O assalto que não aconteceu
Publicado em 17 de agosto de 2010 por Ângelo de souza
Ser assaltado, correr risco de vida, ser alvejado, quase morrer, são situações perigosas que todos estamos sujeitos a qualquer momento. O que diferencia uma situação de outra é o inusitado. E o inusitado aconteceu: um momento de risco de vida, constrastou-se com o engraçado, com cômico, o irônico.
Era maio em Porto Alegre, noites escuras e frias. Estávamos terminando a construção da casa. Eu trabalhava em dois empregos, durante o dia no comércio local e outro a noite, na maravilhosa escala 12×24 que os sindicatos "conseguiram" acabar, em uma instituição hospitalar. Algumas noites, não havia necessidade de "virar" a noite, então trabalhávamos até a meia-noite. E foi em uma destas noites encurtadas que comecei a fazer parte da estatística da polícia.

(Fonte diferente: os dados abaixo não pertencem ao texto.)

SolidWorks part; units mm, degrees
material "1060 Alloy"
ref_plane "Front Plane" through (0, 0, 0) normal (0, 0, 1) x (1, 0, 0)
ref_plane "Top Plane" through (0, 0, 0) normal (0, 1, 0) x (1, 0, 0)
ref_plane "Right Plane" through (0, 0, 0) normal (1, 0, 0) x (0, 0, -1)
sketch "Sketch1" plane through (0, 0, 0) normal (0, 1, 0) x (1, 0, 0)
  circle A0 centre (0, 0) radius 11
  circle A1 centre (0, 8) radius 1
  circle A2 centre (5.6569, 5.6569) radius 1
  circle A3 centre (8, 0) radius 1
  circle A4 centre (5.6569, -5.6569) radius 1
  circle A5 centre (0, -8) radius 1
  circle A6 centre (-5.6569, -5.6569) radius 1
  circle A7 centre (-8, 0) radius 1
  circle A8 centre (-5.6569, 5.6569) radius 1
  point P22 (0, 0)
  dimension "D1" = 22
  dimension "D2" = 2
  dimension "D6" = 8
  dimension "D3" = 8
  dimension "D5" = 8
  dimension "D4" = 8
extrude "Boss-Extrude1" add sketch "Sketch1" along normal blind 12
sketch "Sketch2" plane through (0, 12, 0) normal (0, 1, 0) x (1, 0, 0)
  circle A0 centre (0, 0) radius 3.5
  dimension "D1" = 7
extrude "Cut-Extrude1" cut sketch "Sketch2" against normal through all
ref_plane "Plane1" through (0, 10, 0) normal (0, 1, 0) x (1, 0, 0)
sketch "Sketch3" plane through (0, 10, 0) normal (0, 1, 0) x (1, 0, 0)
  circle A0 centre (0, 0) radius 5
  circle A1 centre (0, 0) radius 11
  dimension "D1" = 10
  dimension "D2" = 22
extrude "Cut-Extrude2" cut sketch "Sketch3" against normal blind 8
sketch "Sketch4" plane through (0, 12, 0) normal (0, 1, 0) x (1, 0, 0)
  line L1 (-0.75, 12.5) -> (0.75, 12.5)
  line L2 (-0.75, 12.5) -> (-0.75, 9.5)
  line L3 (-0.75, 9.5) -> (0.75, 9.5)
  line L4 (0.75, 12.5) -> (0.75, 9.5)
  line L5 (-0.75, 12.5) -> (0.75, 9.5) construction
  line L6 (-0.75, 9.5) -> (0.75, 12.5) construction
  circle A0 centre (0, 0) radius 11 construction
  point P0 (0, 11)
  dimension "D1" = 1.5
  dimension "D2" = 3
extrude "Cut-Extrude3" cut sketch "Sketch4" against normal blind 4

Eu tinha 22 anos, colorado e era comunista, acreditava na J. Cony. "È, essa mesma, que ganha "uma grana" naquele grupo hospitalar federal". Ainda lembro do seu discurso: ".. não tem cabimento órgãos públicos pagarem altos salários para quem não faz nada em prol dos cidadãos ?". Viva a mudança ! Ridículo. Mas isso é "estelionato" e não assalto, fica para uma outra oportunidade.
Havíamos mudado a poucos meses e a chegada em casa durante a madrugada e era um pouco preocupante. Até o momento nunca acontecera qualquer problema. Pelo contrário, reinava a mais perfeita calma. Naquela terça-feira não era diferente. Olhei a escala e lá estava minha metade-noite de folga. Acenei aos que ficavam e fui em direção ao ponto de ônibus.
?
Desci do humilhante (ônibus coletivo) e comecei a caminhar rapidamente como sempre fazia. Geralmente eu caminhava pelo meio da rua com passos largos e olhar fixo para frente. Meu pai dizia que o andar rápido e em linha reta "dá coragem" e intimida quem olha.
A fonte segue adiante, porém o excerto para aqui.